→ **EXERCISE DESCRIPTION**
Lines in the listing below that include the word "opisy" need to be copied.

BEGIN SUPPLIED DATA

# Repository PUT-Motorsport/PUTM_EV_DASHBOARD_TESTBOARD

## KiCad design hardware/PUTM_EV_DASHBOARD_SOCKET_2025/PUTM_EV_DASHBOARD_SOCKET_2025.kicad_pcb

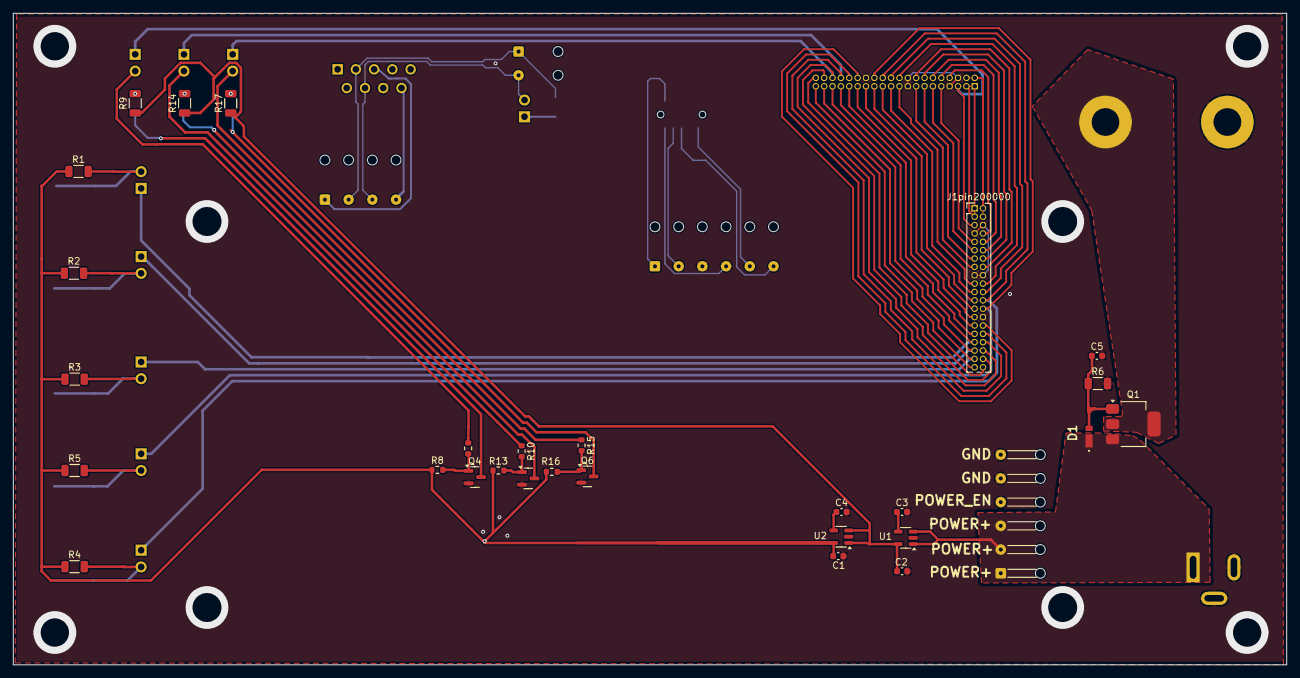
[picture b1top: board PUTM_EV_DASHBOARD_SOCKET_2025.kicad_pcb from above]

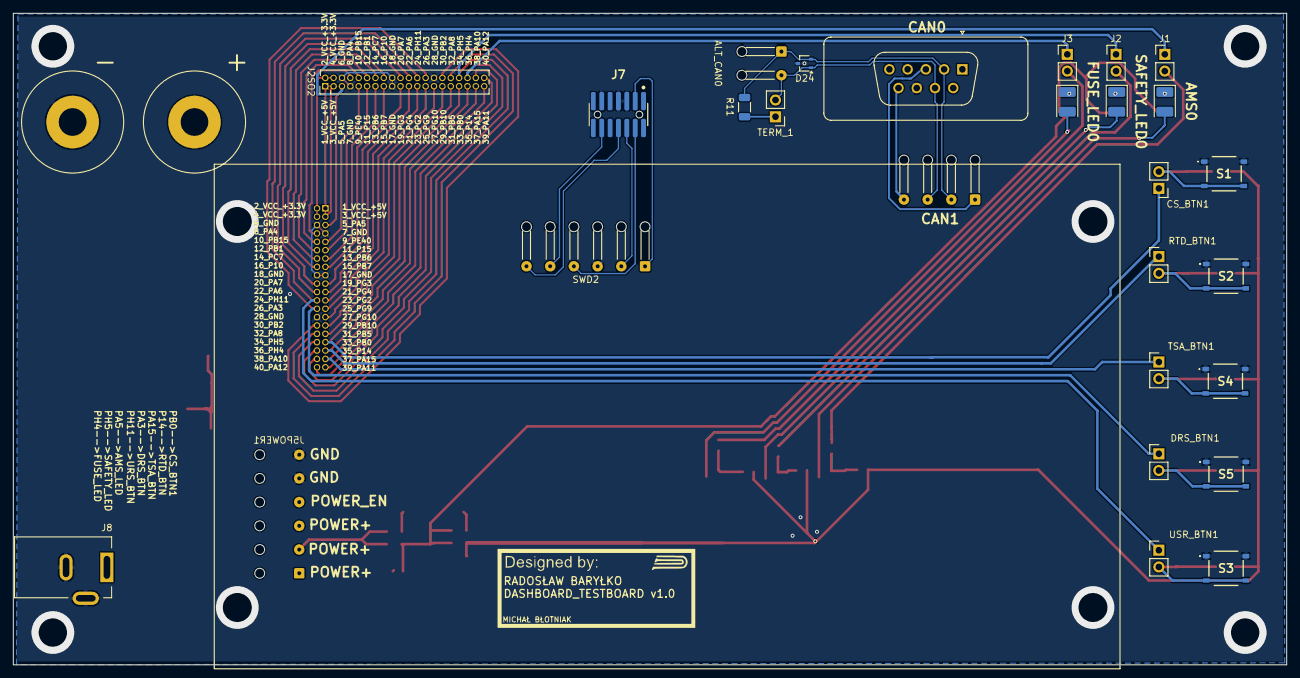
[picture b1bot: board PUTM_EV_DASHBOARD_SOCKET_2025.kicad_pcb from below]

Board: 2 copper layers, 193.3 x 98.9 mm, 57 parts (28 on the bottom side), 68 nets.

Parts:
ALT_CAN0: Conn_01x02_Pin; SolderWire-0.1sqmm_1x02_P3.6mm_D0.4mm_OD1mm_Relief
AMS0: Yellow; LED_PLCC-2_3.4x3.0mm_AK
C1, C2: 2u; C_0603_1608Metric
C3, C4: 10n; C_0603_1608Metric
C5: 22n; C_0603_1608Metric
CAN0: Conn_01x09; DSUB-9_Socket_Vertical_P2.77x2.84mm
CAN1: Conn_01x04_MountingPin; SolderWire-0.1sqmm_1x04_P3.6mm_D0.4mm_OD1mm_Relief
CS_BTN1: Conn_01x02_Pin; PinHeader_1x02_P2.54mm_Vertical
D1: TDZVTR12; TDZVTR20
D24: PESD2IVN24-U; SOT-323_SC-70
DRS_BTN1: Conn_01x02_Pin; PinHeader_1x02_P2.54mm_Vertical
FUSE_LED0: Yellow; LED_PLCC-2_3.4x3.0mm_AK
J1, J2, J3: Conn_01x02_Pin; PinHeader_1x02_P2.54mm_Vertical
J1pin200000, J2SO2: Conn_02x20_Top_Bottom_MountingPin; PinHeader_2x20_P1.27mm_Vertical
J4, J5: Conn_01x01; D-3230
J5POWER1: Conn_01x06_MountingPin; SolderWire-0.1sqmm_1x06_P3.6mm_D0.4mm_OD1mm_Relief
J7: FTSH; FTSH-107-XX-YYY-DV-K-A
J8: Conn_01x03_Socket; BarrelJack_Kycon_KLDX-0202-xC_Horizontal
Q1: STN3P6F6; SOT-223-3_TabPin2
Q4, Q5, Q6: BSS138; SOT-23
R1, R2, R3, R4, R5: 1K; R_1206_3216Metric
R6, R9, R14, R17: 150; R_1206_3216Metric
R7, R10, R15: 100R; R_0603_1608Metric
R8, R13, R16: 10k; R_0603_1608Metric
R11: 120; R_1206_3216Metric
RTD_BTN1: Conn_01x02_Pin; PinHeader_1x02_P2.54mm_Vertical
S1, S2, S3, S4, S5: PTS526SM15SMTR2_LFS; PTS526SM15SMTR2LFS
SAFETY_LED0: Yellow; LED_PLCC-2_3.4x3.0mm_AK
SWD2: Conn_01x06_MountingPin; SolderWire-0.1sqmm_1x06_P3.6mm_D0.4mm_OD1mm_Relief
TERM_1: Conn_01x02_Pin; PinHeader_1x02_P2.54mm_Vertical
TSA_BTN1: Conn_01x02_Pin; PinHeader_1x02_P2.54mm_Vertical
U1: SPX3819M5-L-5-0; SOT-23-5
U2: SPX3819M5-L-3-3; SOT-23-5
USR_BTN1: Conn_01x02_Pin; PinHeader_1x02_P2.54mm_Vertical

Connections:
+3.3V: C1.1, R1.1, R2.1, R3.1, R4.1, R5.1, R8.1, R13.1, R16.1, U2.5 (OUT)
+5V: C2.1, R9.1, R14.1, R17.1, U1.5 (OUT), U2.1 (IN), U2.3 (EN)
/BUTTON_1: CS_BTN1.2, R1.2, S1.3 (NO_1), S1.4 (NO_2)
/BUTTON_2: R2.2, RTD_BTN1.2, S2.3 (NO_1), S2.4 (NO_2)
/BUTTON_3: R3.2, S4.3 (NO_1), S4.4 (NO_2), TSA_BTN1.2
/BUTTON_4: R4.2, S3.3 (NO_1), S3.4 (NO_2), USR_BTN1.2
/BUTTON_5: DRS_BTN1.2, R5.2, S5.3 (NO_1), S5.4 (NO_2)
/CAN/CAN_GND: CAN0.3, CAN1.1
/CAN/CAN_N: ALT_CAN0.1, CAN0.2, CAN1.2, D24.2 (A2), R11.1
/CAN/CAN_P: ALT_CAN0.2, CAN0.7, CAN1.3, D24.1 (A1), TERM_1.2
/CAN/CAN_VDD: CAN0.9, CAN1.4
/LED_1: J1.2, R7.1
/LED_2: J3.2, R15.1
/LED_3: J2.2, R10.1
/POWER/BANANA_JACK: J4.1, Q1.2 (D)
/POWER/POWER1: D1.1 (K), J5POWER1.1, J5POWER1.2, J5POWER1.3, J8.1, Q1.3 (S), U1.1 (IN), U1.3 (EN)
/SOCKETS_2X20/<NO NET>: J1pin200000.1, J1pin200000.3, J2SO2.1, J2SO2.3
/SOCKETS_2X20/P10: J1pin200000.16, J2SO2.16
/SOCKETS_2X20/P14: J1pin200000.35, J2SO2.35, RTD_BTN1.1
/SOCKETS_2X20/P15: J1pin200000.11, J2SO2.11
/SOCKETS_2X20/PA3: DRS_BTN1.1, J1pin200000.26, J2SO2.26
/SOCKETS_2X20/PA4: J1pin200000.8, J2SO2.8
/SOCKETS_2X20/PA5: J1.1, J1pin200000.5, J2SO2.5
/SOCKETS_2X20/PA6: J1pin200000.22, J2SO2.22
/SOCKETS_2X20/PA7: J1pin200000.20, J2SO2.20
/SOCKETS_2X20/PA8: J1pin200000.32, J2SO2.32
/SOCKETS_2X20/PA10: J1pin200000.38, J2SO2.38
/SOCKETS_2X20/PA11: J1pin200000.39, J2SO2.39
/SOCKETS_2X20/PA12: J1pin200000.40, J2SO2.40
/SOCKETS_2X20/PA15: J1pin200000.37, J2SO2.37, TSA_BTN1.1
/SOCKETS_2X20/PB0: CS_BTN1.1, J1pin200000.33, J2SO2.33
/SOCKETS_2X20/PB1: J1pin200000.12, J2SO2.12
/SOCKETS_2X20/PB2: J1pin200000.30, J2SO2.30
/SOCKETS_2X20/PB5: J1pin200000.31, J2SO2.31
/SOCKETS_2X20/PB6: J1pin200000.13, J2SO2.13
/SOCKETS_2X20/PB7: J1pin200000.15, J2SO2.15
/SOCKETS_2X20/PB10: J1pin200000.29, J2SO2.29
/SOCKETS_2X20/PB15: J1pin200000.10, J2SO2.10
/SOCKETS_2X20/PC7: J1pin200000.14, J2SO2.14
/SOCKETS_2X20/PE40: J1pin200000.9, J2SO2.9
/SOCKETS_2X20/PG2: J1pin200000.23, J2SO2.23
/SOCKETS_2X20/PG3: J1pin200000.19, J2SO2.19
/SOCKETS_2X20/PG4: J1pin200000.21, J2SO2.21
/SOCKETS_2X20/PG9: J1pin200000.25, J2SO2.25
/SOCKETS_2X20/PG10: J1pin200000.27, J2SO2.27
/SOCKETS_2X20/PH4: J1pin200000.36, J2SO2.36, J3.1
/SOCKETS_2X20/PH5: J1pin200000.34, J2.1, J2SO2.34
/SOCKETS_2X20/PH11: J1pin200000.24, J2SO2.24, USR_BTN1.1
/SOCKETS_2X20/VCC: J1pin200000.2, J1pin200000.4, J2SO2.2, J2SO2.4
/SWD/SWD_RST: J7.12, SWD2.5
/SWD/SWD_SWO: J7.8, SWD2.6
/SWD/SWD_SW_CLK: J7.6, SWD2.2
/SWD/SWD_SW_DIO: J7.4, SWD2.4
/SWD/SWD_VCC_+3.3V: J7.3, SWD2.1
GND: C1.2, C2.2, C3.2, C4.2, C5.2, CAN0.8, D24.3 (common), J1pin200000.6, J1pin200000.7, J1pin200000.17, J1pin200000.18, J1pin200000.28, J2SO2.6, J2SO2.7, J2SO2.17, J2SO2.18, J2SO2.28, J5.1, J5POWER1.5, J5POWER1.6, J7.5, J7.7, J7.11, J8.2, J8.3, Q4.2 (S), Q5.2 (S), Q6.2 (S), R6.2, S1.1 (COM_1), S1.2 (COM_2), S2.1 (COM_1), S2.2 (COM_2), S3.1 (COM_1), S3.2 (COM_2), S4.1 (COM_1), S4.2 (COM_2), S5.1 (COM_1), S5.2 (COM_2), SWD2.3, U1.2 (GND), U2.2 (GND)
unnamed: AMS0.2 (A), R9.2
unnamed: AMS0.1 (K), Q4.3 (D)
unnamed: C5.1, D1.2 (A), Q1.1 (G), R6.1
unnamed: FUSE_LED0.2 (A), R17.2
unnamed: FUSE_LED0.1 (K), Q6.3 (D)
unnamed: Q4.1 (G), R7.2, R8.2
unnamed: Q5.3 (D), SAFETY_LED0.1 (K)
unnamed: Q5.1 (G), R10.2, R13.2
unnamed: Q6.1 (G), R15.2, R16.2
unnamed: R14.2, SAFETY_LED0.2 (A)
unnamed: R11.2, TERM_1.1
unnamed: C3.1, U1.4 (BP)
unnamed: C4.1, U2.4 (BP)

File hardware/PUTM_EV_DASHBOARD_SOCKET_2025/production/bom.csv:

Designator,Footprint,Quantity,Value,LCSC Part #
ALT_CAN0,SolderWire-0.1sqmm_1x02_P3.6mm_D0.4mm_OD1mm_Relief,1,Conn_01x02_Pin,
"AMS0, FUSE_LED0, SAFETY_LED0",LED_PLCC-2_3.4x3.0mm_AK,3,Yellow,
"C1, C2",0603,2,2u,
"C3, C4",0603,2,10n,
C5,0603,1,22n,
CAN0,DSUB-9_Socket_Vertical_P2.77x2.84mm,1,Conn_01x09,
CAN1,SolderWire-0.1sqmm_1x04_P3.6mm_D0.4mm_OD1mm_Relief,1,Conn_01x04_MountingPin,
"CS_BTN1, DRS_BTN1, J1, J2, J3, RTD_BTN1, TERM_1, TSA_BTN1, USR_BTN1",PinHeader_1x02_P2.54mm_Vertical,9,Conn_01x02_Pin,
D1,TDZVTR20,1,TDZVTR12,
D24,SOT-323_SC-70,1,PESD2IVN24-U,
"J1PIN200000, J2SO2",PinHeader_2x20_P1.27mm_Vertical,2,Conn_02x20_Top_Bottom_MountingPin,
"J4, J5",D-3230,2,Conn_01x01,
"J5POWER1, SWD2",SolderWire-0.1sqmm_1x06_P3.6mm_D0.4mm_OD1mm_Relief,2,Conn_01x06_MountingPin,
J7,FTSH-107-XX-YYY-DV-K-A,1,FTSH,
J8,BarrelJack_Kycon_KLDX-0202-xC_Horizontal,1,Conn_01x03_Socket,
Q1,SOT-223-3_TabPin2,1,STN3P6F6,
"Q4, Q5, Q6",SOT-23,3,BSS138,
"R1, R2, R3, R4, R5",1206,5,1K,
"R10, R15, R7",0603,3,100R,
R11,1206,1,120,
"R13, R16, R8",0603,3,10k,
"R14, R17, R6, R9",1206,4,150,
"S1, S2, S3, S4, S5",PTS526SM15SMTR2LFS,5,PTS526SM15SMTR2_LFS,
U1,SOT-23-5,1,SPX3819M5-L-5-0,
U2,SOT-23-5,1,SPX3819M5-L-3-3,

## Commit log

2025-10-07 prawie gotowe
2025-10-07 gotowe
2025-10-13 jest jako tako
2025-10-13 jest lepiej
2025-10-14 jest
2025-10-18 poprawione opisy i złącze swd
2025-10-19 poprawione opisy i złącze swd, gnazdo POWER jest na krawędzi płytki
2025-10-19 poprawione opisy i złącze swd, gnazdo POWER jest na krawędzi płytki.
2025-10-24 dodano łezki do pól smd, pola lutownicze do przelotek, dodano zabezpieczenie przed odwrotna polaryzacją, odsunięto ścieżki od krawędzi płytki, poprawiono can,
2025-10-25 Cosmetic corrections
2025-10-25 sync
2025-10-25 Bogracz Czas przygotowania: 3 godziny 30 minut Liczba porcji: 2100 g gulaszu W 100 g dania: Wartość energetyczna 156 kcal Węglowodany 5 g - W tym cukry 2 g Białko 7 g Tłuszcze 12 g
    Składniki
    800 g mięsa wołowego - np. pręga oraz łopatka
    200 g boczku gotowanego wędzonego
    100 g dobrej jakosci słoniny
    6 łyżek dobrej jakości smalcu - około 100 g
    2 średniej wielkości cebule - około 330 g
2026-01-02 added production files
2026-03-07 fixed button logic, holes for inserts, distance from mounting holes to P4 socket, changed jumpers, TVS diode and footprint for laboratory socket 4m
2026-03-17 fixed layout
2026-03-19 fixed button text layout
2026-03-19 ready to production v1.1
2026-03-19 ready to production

END SUPPLIED DATA

→ **TASK RESPONSE**
2025-10-18 poprawione opisy i złącze swd
2025-10-19 poprawione opisy i złącze swd, gnazdo POWER jest na krawędzi płytki
2025-10-19 poprawione opisy i złącze swd, gnazdo POWER jest na krawędzi płytki.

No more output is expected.